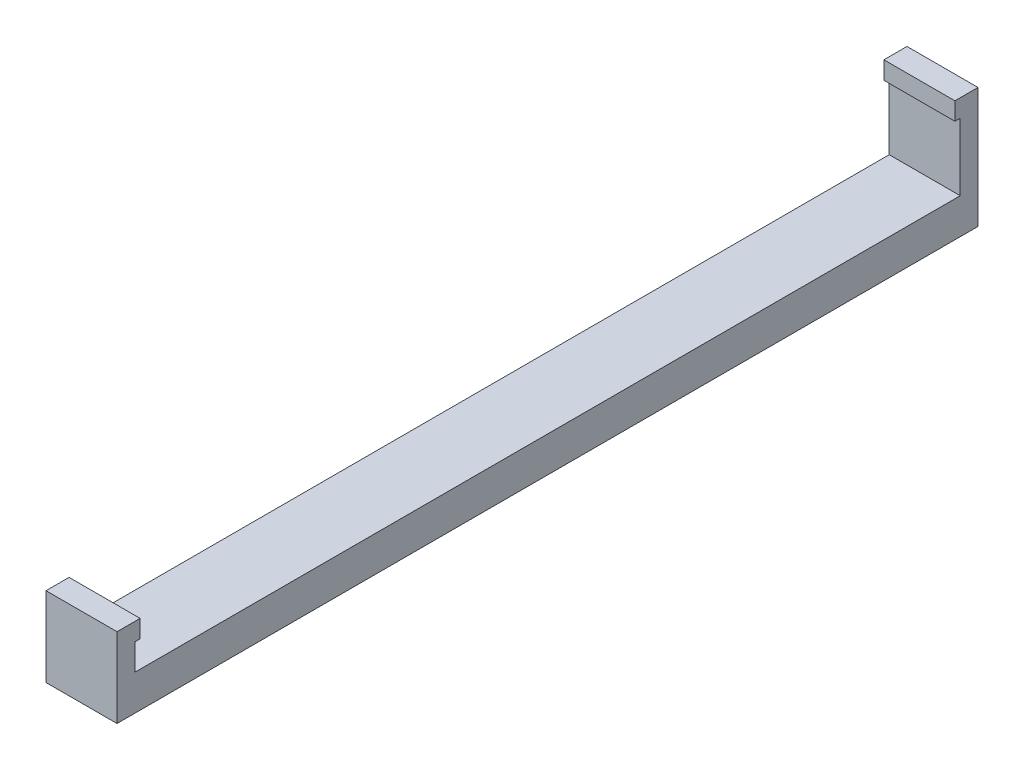
from build123d import *

# Parameters (mm, degrees)
SKETCH1_W           = 10
SKETCH1_H           = 116.22
BOSS_EXTRUDE1_DEPTH = 5
BOSS_EXTRUDE2_DEPTH = 10


with BuildPart() as part:
    # Sketch1 → Boss-Extrude1 (new body)
    with BuildSketch(Plane(origin=(0, 0, 0), x_dir=(1, 0, 0), z_dir=(0, 1, 0))):
        with Locations((5, 58.11)):
            Rectangle(SKETCH1_W, SKETCH1_H)
    extrude(amount=BOSS_EXTRUDE1_DEPTH)

    # Sketch3 → Boss-Extrude2 (add, through all)
    with BuildSketch(Plane(origin=(10, 0, 0), x_dir=(0, 0, -1), z_dir=(1, 0, 0))):
        Polygon((0.75, 8.7), (0, 8.7), (0, 0), (-2.5, 0), (-2.5, 8.7), (-2.5, 11.2), (0.75, 11.2), align=None)
        Polygon((116.22, 0), (118.72, 0), (118.72, 14.45), (118.72, 16.95), (115.47, 16.95), (115.47, 14.45), (116.22, 14.45), align=None)
    extrude(amount=-BOSS_EXTRUDE2_DEPTH)


solid = part.part
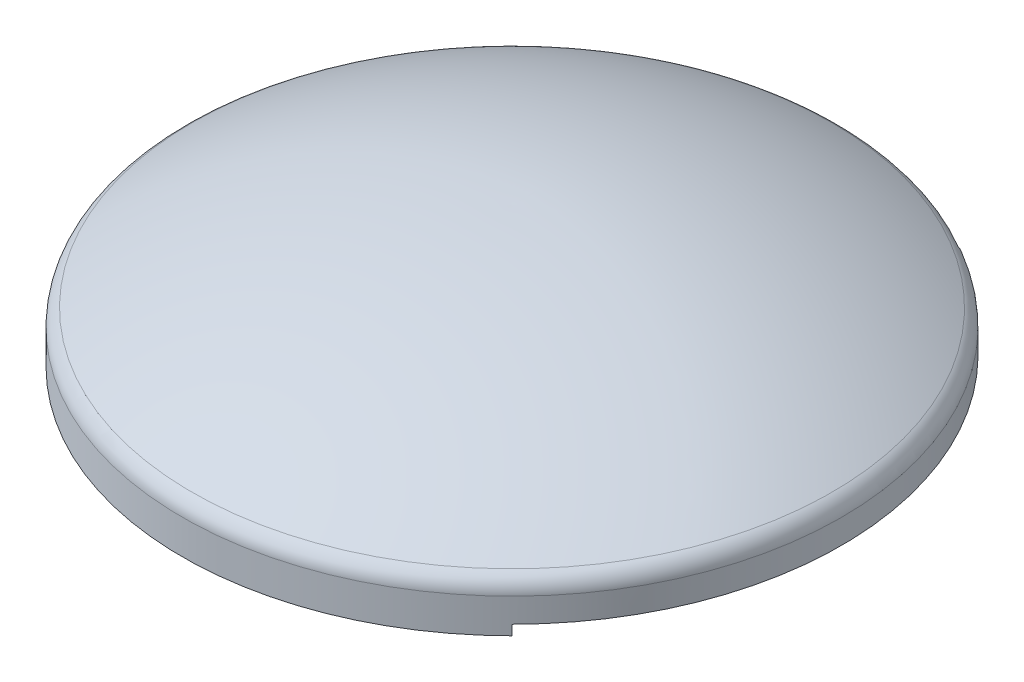
from build123d import *

# Parameters (mm, degrees)
CUT_REVOLVE1_ANGLE = 270
FILLET1_R          = 2
CUT_EXTRUDE1_REACH = 50.452
SKETCH3_W          = 33
SKETCH3_H          = 3.55


with BuildPart() as part:
    # Sketch1 → Revolve1 (revolve)
    with BuildSketch(Plane(origin=(0, 0, 0), x_dir=(0, 0, -1), z_dir=(1, 0, 0))):
        with BuildLine():
            ThreePointArc((0, 13.021377037), (17.192696052, 10.691622039), (33, 3.54))
            Line((33, 3.54), (33, -1))
            Line((33, -1), (25, -1))
            Line((25, -1), (25, 0))
            Line((25, 0), (30, 0))
            Line((30, 0), (30.977536905, 0))
            Line((30.977536905, 0), (30.977536905, 3.54543462))
            ThreePointArc((30.977536905, 3.54543462), (15.995495353, 9.387188497), (0, 11.04))
            Line((0, 11.04), (0, 13.021377037))
        make_face()
    revolve(axis=Axis((0, 11.04, 0), (0, 1, 0)))

    # Sketch2 → Cut-Revolve1 (revolve, symmetric, cut)
    with BuildSketch(Plane(origin=(0, 0, 0), x_dir=(0, 0, -1), z_dir=(1, 0, 0))) as cut_revolve1_sk:
        Polygon((30.977536905, 0), (25, 0), (25, -1), (33, -1), (33, 0), align=None)
    revolve(axis=Axis((0, 10.04, 0), (0, -1, 0)), revolution_arc=CUT_REVOLVE1_ANGLE / 2, mode=Mode.SUBTRACT)
    revolve(cut_revolve1_sk.sketch, axis=Axis((0, 10.04, 0), (0, 1, 0)), revolution_arc=CUT_REVOLVE1_ANGLE / 2, mode=Mode.SUBTRACT)

    # Fillet1
    fillet1_edges = [part.edges().sort_by_distance(p)[0] for p in [
        (0, 3.54, 33),
    ]]
    fillet(fillet1_edges, radius=FILLET1_R)

    # Sketch3 → Cut-Extrude1 (cut, up to next)
    with BuildSketch(Plane.XY, mode=Mode.PRIVATE) as cut_extrude1_sk1:
        with Locations((0, 1.775)):
            Rectangle(SKETCH3_W, SKETCH3_H)
    cut_extrude1_tool1 = extrude(cut_extrude1_sk1.sketch, amount=-CUT_EXTRUDE1_REACH, mode=Mode.PRIVATE) & part.part
    add(cut_extrude1_tool1.solids().sort_by_distance((0, 1.775, 0))[0], mode=Mode.SUBTRACT)


solid = part.part

■ ■ ■ ■ ■

**How to complete this task:** Only the pictures are dropped when you print the material; everything else is copied exactly.

**Response for this exercise:**
from build123d import *

# Parameters (mm, degrees)
SKETCH1_W           = 10
SKETCH1_H           = 116.22
BOSS_EXTRUDE1_DEPTH = 5
BOSS_EXTRUDE2_DEPTH = 10


with BuildPart() as part:
    # Sketch1 → Boss-Extrude1 (new body)
    with BuildSketch(Plane(origin=(0, 0, 0), x_dir=(1, 0, 0), z_dir=(0, 1, 0))):
        with Locations((5, 58.11)):
            Rectangle(SKETCH1_W, SKETCH1_H)
    extrude(amount=BOSS_EXTRUDE1_DEPTH)

    # Sketch3 → Boss-Extrude2 (add, through all)
    with BuildSketch(Plane(origin=(10, 0, 0), x_dir=(0, 0, -1), z_dir=(1, 0, 0))):
        Polygon((0.75, 8.7), (0, 8.7), (0, 0), (-2.5, 0), (-2.5, 8.7), (-2.5, 11.2), (0.75, 11.2), align=None)
        Polygon((116.22, 0), (118.72, 0), (118.72, 14.45), (118.72, 16.95), (115.47, 16.95), (115.47, 14.45), (116.22, 14.45), align=None)
    extrude(amount=-BOSS_EXTRUDE2_DEPTH)


solid = part.part
from build123d import *

# Parameters (mm, degrees)
CUT_REVOLVE1_ANGLE = 270
FILLET1_R          = 2
CUT_EXTRUDE1_REACH = 50.452
SKETCH3_W          = 33
SKETCH3_H          = 3.55


with BuildPart() as part:
    # Sketch1 → Revolve1 (revolve)
    with BuildSketch(Plane(origin=(0, 0, 0), x_dir=(0, 0, -1), z_dir=(1, 0, 0))):
        with BuildLine():
            ThreePointArc((0, 13.021377037), (17.192696052, 10.691622039), (33, 3.54))
            Line((33, 3.54), (33, -1))
            Line((33, -1), (25, -1))
            Line((25, -1), (25, 0))
            Line((25, 0), (30, 0))
            Line((30, 0), (30.977536905, 0))
            Line((30.977536905, 0), (30.977536905, 3.54543462))
            ThreePointArc((30.977536905, 3.54543462), (15.995495353, 9.387188497), (0, 11.04))
            Line((0, 11.04), (0, 13.021377037))
        make_face()
    revolve(axis=Axis((0, 11.04, 0), (0, 1, 0)))

    # Sketch2 → Cut-Revolve1 (revolve, symmetric, cut)
    with BuildSketch(Plane(origin=(0, 0, 0), x_dir=(0, 0, -1), z_dir=(1, 0, 0))) as cut_revolve1_sk:
        Polygon((30.977536905, 0), (25, 0), (25, -1), (33, -1), (33, 0), align=None)
    revolve(axis=Axis((0, 10.04, 0), (0, -1, 0)), revolution_arc=CUT_REVOLVE1_ANGLE / 2, mode=Mode.SUBTRACT)
    revolve(cut_revolve1_sk.sketch, axis=Axis((0, 10.04, 0), (0, 1, 0)), revolution_arc=CUT_REVOLVE1_ANGLE / 2, mode=Mode.SUBTRACT)

    # Fillet1
    fillet1_edges = [part.edges().sort_by_distance(p)[0] for p in [
        (0, 3.54, 33),
    ]]
    fillet(fillet1_edges, radius=FILLET1_R)

    # Sketch3 → Cut-Extrude1 (cut, up to next)
    with BuildSketch(Plane.XY, mode=Mode.PRIVATE) as cut_extrude1_sk1:
        with Locations((0, 1.775)):
            Rectangle(SKETCH3_W, SKETCH3_H)
    cut_extrude1_tool1 = extrude(cut_extrude1_sk1.sketch, amount=-CUT_EXTRUDE1_REACH, mode=Mode.PRIVATE) & part.part
    add(cut_extrude1_tool1.solids().sort_by_distance((0, 1.775, 0))[0], mode=Mode.SUBTRACT)


solid = part.part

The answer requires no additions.